Reusable Bags. In Los Angeles County, stores affected by the plastic bag ban had the option of giving away or selling reusable bags, in addition to offering paper bags for a 10-cent fee. The stores surveyed reported:

  • Prior to the ban stores reported purchasing an average of 171 reusable bags per month.
  • After the ban stores bought 2,275 bags per month, an increase of 1,232 percent.
  • In total, 64 percent of stores increased their purchases, 29 percent decreased their purchases and 7 percent reported no change.
  • While 43 percent of stores reported that they did not purchase reusable bags before the ban, every store purchased these bags after the ban.

Many of the stores reported losing money on reusable bags. One-third of stores gave the bags away and two-thirds sold reusable bags. Approximately 48 percent of stores reported losing money on reusable bags, while 52 percent did not lose money on such bags. The stores that lost money reported an average loss of more than $600 per month. The stores were asked about their expectations for future losses:

  • Nearly 38 percent of stores expected the losses to stop after 1 to 3 months, 12.5 percent between 4 to 6 months, and another 12.5 percent between 6 months and 1 year.
  • Another 38 percent expected the losses to last indefinitely (more than 1 year).
  • In order to avoid losing money, almost 29 percent of stores said they would stop providing free reusable bags, and almost 36 percent said they would raise prices on these bags.

While stores lost money due to the plastic bag ban, customers lost both money and their freedom of choice (which reduces consumer welfare). Many customers prefer plastic bags to paper or reusable bags. As a result, it is likely that some consumers in unincorporated areas instead patronize stores in incorporated areas that offer plastic bags.

Alternatives to Reusable Bags. Without plastic bags, some customers decided to use alternative means to transport their groceries.

Shopping Carts and Hand Baskets. Almost 20 percent of stores noted increases in the loss of shopping carts or hard shopping baskets. These losses totaled $500 to $3,000 per month, with an average loss of $1,500. In an industry that relies on profit margins of less than 2 percent, $3,000 a month is a significant loss.
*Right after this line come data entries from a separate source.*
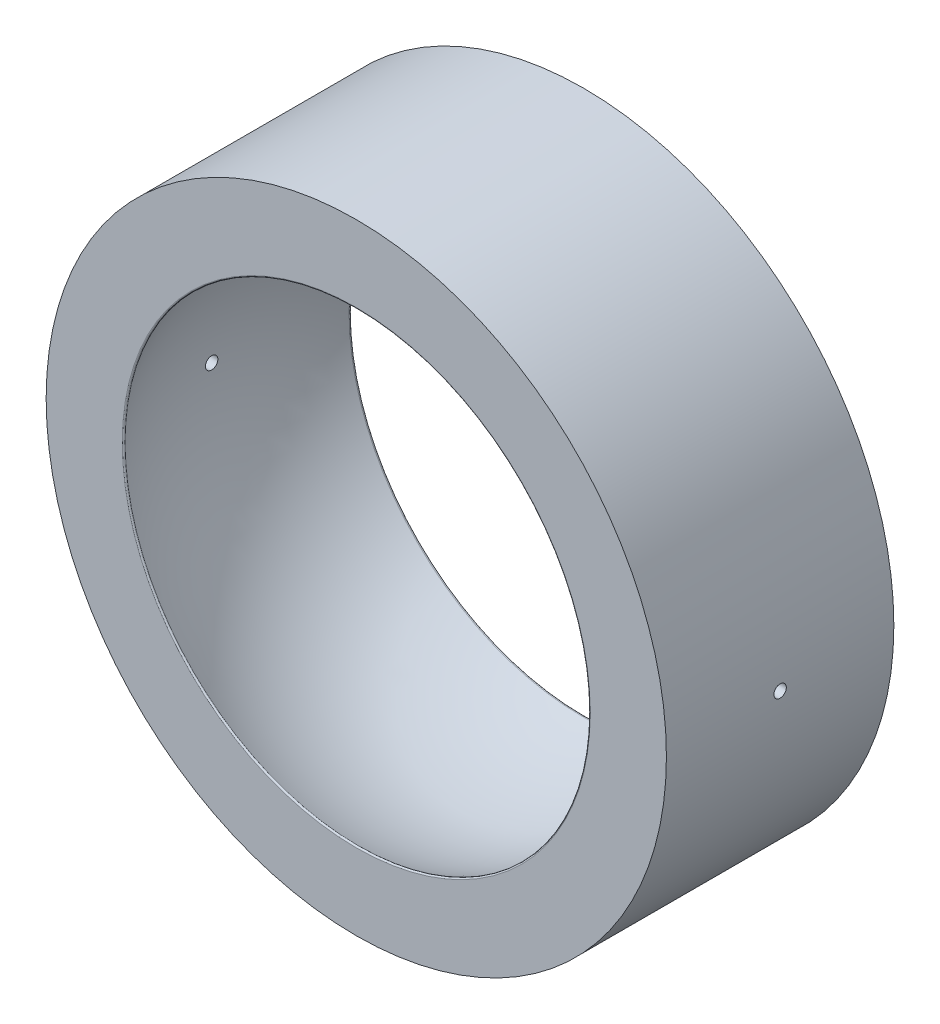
ISO-10303-21;
HEADER;
FILE_DESCRIPTION(('STEP AP214'),'2;1');
FILE_NAME('part.step','',(''),(''),'','','');
FILE_SCHEMA(('AUTOMOTIVE_DESIGN { 1 0 10303 214 1 1 1 1 }'));
ENDSEC;
DATA;
#1=APPLICATION_CONTEXT('core data for automotive mechanical design processes');
#2=APPLICATION_PROTOCOL_DEFINITION('international standard','automotive_design',2000,#1);
#3=PRODUCT_CONTEXT('',#1,'mechanical');
#4=PRODUCT('Part','Part','',(#3));
#5=PRODUCT_RELATED_PRODUCT_CATEGORY('part','',(#4));
#6=PRODUCT_DEFINITION_FORMATION('','',#4);
#7=PRODUCT_DEFINITION_CONTEXT('part definition',#1,'design');
#8=PRODUCT_DEFINITION('design','',#6,#7);
#9=PRODUCT_DEFINITION_SHAPE('','',#8);
#10=(LENGTH_UNIT() NAMED_UNIT(*) SI_UNIT(.MILLI.,.METRE.));
#11=(NAMED_UNIT(*) PLANE_ANGLE_UNIT() SI_UNIT($,.RADIAN.));
#12=(NAMED_UNIT(*) SI_UNIT($,.STERADIAN.) SOLID_ANGLE_UNIT());
#13=UNCERTAINTY_MEASURE_WITH_UNIT(LENGTH_MEASURE(1.E-05),#10,'distance_accuracy_value','');
#14=(GEOMETRIC_REPRESENTATION_CONTEXT(3) GLOBAL_UNCERTAINTY_ASSIGNED_CONTEXT((#13)) GLOBAL_UNIT_ASSIGNED_CONTEXT((#10,
#11,#12)) REPRESENTATION_CONTEXT('',''));
#15=CARTESIAN_POINT('',(0.,0.,0.));
#16=DIRECTION('',(0.,0.,1.));
#17=DIRECTION('',(1.,0.,0.));
#18=AXIS2_PLACEMENT_3D('',#15,#16,#17);
#19=CARTESIAN_POINT('',(69.,0.,0.));
#20=DIRECTION('',(0.,0.,-1.));
#21=DIRECTION('',(-1.,0.,0.));
#22=AXIS2_PLACEMENT_3D('',#19,#20,#21);
#23=DEGENERATE_TOROIDAL_SURFACE('',#22,0.0296511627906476,12.4703488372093,.T.);
#24=CARTESIAN_POINT('',(69.,0.,5.41395102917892));
#25=DIRECTION('',(0.,0.,-1.));
#26=DIRECTION('',(0.,1.,0.));
#27=AXIS2_PLACEMENT_3D('',#24,#25,#26);
#28=CIRCLE('',#27,11.2634721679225);
#29=CARTESIAN_POINT('',(69.,11.2634721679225,5.41395102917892));
#30=VERTEX_POINT('',#29);
#31=EDGE_CURVE('E34',#30,#30,#28,.T.);
#32=ORIENTED_EDGE('',*,*,#31,.F.);
#33=EDGE_LOOP('',(#32));
#34=FACE_BOUND('',#33,.T.);
#35=CARTESIAN_POINT('',(81.4963909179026,0.,-0.3));
#36=CARTESIAN_POINT('',(81.496390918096,0.0168414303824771,-0.299998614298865));
#37=CARTESIAN_POINT('',(81.496390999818,0.0336981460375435,-0.298576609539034));
#38=CARTESIAN_POINT('',(81.4963913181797,0.0669618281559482,-0.292919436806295));
#39=CARTESIAN_POINT('',(81.4963915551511,0.0833677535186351,-0.288678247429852));
#40=CARTESIAN_POINT('',(81.4963921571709,0.11522233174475,-0.277503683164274));
#41=CARTESIAN_POINT('',(81.4963925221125,0.130671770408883,-0.270572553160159));
#42=CARTESIAN_POINT('',(81.4963933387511,0.160179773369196,-0.254218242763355));
#43=CARTESIAN_POINT('',(81.4963937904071,0.174238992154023,-0.244796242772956));
#44=CARTESIAN_POINT('',(81.4963947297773,0.200579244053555,-0.223724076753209));
#45=CARTESIAN_POINT('',(81.4963952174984,0.212859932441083,-0.212073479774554));
#46=CARTESIAN_POINT('',(81.4963961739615,0.235292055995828,-0.186874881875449));
#47=CARTESIAN_POINT('',(81.4963966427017,0.245443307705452,-0.173326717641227));
#48=CARTESIAN_POINT('',(81.4963975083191,0.263326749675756,-0.144718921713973));
#49=CARTESIAN_POINT('',(81.496397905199,0.271059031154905,-0.129659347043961));
#50=CARTESIAN_POINT('',(81.4963985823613,0.283885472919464,-0.0984559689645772));
#51=CARTESIAN_POINT('',(81.4963988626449,0.288979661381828,-0.0823121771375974));
#52=CARTESIAN_POINT('',(81.4963992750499,0.296385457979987,-0.0493984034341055));
#53=CARTESIAN_POINT('',(81.4963994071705,0.298697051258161,-0.0326284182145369));
#54=CARTESIAN_POINT('',(81.4963995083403,0.300471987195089,0.00106161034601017));
#55=CARTESIAN_POINT('',(81.4963994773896,0.299935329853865,0.0179816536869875));
#56=CARTESIAN_POINT('',(81.4963992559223,0.296029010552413,0.0514913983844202));
#57=CARTESIAN_POINT('',(81.4963990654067,0.292659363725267,0.0680811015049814));
#58=CARTESIAN_POINT('',(81.4963985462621,0.283182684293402,0.10045950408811));
#59=CARTESIAN_POINT('',(81.4963982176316,0.277075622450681,0.116248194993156));
#60=CARTESIAN_POINT('',(81.4963974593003,0.262297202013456,0.146576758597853));
#61=CARTESIAN_POINT('',(81.4963970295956,0.253625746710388,0.161116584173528));
#62=CARTESIAN_POINT('',(81.4963961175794,0.233965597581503,0.188532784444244));
#63=CARTESIAN_POINT('',(81.4963956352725,0.222977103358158,0.201409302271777));
#64=CARTESIAN_POINT('',(81.4963946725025,0.1989968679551,0.225132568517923));
#65=CARTESIAN_POINT('',(81.4963941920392,0.186005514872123,0.235979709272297));
#66=CARTESIAN_POINT('',(81.4963932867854,0.158379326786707,0.255344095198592));
#67=CARTESIAN_POINT('',(81.4963928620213,0.1437437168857,0.263860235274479));
#68=CARTESIAN_POINT('',(81.4963921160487,0.113239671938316,0.278320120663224));
#69=CARTESIAN_POINT('',(81.4963917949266,0.0973702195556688,0.28426171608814));
#70=CARTESIAN_POINT('',(81.4963912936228,0.0648851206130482,0.293382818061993));
#71=CARTESIAN_POINT('',(81.496391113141,0.0482711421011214,0.296568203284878));
#72=CARTESIAN_POINT('',(81.4963909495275,0.0210523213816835,0.299446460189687));
#73=CARTESIAN_POINT('',(81.4963909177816,0.0105291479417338,0.300000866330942));
#74=CARTESIAN_POINT('',(81.496390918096,-0.0168414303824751,0.299998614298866));
#75=CARTESIAN_POINT('',(81.496390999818,-0.0336981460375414,0.298576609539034));
#76=CARTESIAN_POINT('',(81.4963913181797,-0.0669618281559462,0.292919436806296));
#77=CARTESIAN_POINT('',(81.4963915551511,-0.0833677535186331,0.288678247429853));
#78=CARTESIAN_POINT('',(81.4963921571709,-0.115222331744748,0.277503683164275));
#79=CARTESIAN_POINT('',(81.4963925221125,-0.130671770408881,0.270572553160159));
#80=CARTESIAN_POINT('',(81.4963933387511,-0.160179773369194,0.254218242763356));
#81=CARTESIAN_POINT('',(81.4963937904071,-0.174238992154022,0.244796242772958));
#82=CARTESIAN_POINT('',(81.4963947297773,-0.200579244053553,0.22372407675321));
#83=CARTESIAN_POINT('',(81.4963952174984,-0.212859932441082,0.212073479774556));
#84=CARTESIAN_POINT('',(81.4963961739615,-0.235292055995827,0.186874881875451));
#85=CARTESIAN_POINT('',(81.4963966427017,-0.245443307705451,0.173326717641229));
#86=CARTESIAN_POINT('',(81.4963975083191,-0.263326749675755,0.144718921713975));
#87=CARTESIAN_POINT('',(81.496397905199,-0.271059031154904,0.129659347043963));
#88=CARTESIAN_POINT('',(81.4963985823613,-0.283885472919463,0.0984559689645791));
#89=CARTESIAN_POINT('',(81.4963988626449,-0.288979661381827,0.0823121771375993));
#90=CARTESIAN_POINT('',(81.4963992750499,-0.296385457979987,0.0493984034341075));
#91=CARTESIAN_POINT('',(81.4963994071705,-0.298697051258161,0.0326284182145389));
#92=CARTESIAN_POINT('',(81.4963995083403,-0.300471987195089,-0.00106161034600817));
#93=CARTESIAN_POINT('',(81.4963994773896,-0.299935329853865,-0.0179816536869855));
#94=CARTESIAN_POINT('',(81.4963992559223,-0.296029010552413,-0.0514913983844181));
#95=CARTESIAN_POINT('',(81.4963990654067,-0.292659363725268,-0.0680811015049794));
#96=CARTESIAN_POINT('',(81.4963985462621,-0.283182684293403,-0.100459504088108));
#97=CARTESIAN_POINT('',(81.4963982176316,-0.277075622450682,-0.116248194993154));
#98=CARTESIAN_POINT('',(81.4963974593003,-0.262297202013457,-0.146576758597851));
#99=CARTESIAN_POINT('',(81.4963970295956,-0.253625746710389,-0.161116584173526));
#100=CARTESIAN_POINT('',(81.4963961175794,-0.233965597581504,-0.188532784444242));
#101=CARTESIAN_POINT('',(81.4963956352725,-0.22297710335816,-0.201409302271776));
#102=CARTESIAN_POINT('',(81.4963946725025,-0.198996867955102,-0.225132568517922));
#103=CARTESIAN_POINT('',(81.4963941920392,-0.186005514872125,-0.235979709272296));
#104=CARTESIAN_POINT('',(81.4963932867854,-0.158379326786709,-0.255344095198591));
#105=CARTESIAN_POINT('',(81.4963928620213,-0.143743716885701,-0.263860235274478));
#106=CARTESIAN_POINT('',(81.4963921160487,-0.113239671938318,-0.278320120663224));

Produce Bags. Since customers could no longer use plastic bags to transport their groceries, some chose to put more of their grocery items in bags that were not banned — clear plastic produce bags. This explains why stores reported ordering nearly 31 percent more plastic produce bags after plastic grocery bags were banned.

Paper Bags. Though Los Angeles County banned plastic bags, it allowed the stores to offer consumers paper bags, but required them to charge customers 10 cents per bag. However, because stores could not predict with certainty how customers would react, they changed their purchasing strategies in different ways.  But almost all experienced some kind of monetary loss:

  • Some stores decreased purchases of paper bags by one-third while others increased paper bag purchases by 1,625 percent.
  • Though more than half (56 percent) of stores increased their paper bag purchases, those that purchased more bags purchased significantly more while those that purchased less purchased only a few less.

Paper bags are not functionally equivalent to plastic bags. Though a standard paper bag can hold a greater volume of products than a single plastic bag, they are less flexible, lack handles and do not have the same potential for reuse as plastic bags. Furthermore, given a choice, some consumers may prefer plastic bags over paper or the inconvenience and expense of carrying reusable bags.